Emissive or Nonemissive? A Theoretical Analysis of the Phosphorescence Efficiencies of Cyclometalated Platinum(II) Complexes

We herein report a theoretical analysis based on a density functional theory/time-dependent density functional theory (DFT/TDDFT) approach to understand the different phosphorescence efficiencies of a family of cyclometalated platinum(II) complexes: [Pt(NCN)Cl] 1; NCN = 1,3-bis(2-pyridyl)phenyl(-)), [Pt(CNN)Cl] (2; CNN=6-phenyl-2,2'-bipyridyl(-)), [Pt(CNC)(CNPh)] (3; CNC=2,6-diphenylpyridyl(2-)) [Pt(R-CNN)Cl] (4; R-CNN=3-(6'-(2 ''-naphthyl)-2'-pyridyl)isoquinolinyl(-)), and [Pt(R-CNC)(CNPh)] (5; R-CNC=2,6bis(2'-naphthyl)pyridyl(2-)).

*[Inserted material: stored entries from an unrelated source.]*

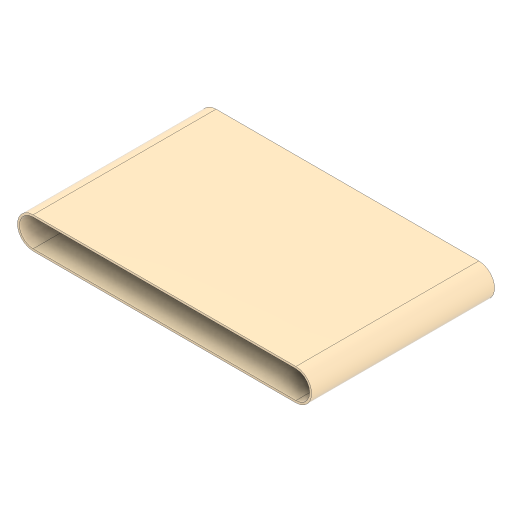
# Autodesk Inventor part: bult
Saved by Autodesk Inventor 2024 (Build 280153000, 153)
## iProperties
Created: 2023-06-14
Part Number: bult
Material: Generic
Document SubType Name: Modeling
Designer: rajen
Density: 1 g/cm^3
Appearance: Default
Author: rajen
Autodesk Inventor part; units mm, degrees
ref_plane "YZ Plane" through (0, 0, 0) normal (1, 0, 0) x (0, 1, 0)
ref_plane "XZ Plane" through (0, 0, 0) normal (0, 1, 0) x (-1, 0, 0)
ref_plane "XY Plane" through (0, 0, 0) normal (0, 0, 1) x (1, 0, 0)
sketch "Sketch1" plane through (0, 0, 0) normal (0, 0, 1) x (1, 0, 0)
  arc A0 (0, 34.29) -> (0, -34.29) centre (0, 0) ccw
  arc A1 (0, 39.37) -> (0, -39.37) centre (0, 0) ccw
  line L0 (0, 0) -> (656.8948, 0)
  arc A2 (656.8948, -34.29) -> (656.8948, 34.29) centre (656.8948, 0) ccw
  arc A3 (656.8948, -39.37) -> (656.8948, 39.37) centre (656.8948, 0) ccw
  line L1 (0, 39.37) -> (656.8948, 39.37)
  line L2 (656.8948, 34.29) -> (0, 34.29)
  line L3 (0, -34.29) -> (656.8948, -34.29)
  line L4 (656.8948, -39.37) -> (0, -39.37)
  dimension "d0" = 68.58
  dimension "d1" = 78.74
  dimension "d2" = 656.8948
  dimension "d3" = 68.58
  dimension "d4" = 78.74
  constraints: 10 end point, 8 point on circle, 6 tangent, 4 centre point, 4 coincident, 1 horizontal
  measures "d0" diameter of A0
  measures "d1" diameter of A1
  measures "d2" distance of L0.start L0.end
  measures "d3" diameter of A2
  measures "d4" diameter of A3
extrude "Extrusion1" add sketch "Sketch1" along normal blind 457.2
body "Solid1"

By considering both the spin-orbit coupling (SCIC) and the electronic structures of these complexes at their respective optimized singlet ground (SO) and first triplet (T-opt(1)) I) excited states, we were able to rationalize the experimental findings that 1) 1 is a strong emitter while its isomer 2 is only weakly emissive in CH2Cl2 solution at room temperature; 2) although the cyclometalated ligand of 3 has a higher ligand-field strength than that of 1, 3 is nonemissive in CH2Cl2 solution at 298 K; and 3) extension of pi conjugation at the lateral aryl rings of the cyclometalated ligands of 2 and 3 to give 4 and 5, respectively, leads to increased emission quantum yields under the same conditions. We found that Jahn-Teller and pseudo-Jahn-Teller effects are operative in complexes 2 and 3, respectively, on going from the optimized S, ground state to the optimized T-opt(1) excited state, and thus lead to large excited-state structural distortions and hence fast nonradiative decay. Furthermore, a strong-field ligand may push the two different occupied d orbitals so far apart that the SOC effect is small and the radiative decay rate is slow. This work is an example of electronic-structure-driven tuning of the phosphorescence efficiency, and the DFT/TDDFT approach is demonstrated to be a versatile tool for the design of phosphorescent materials with target characteristics.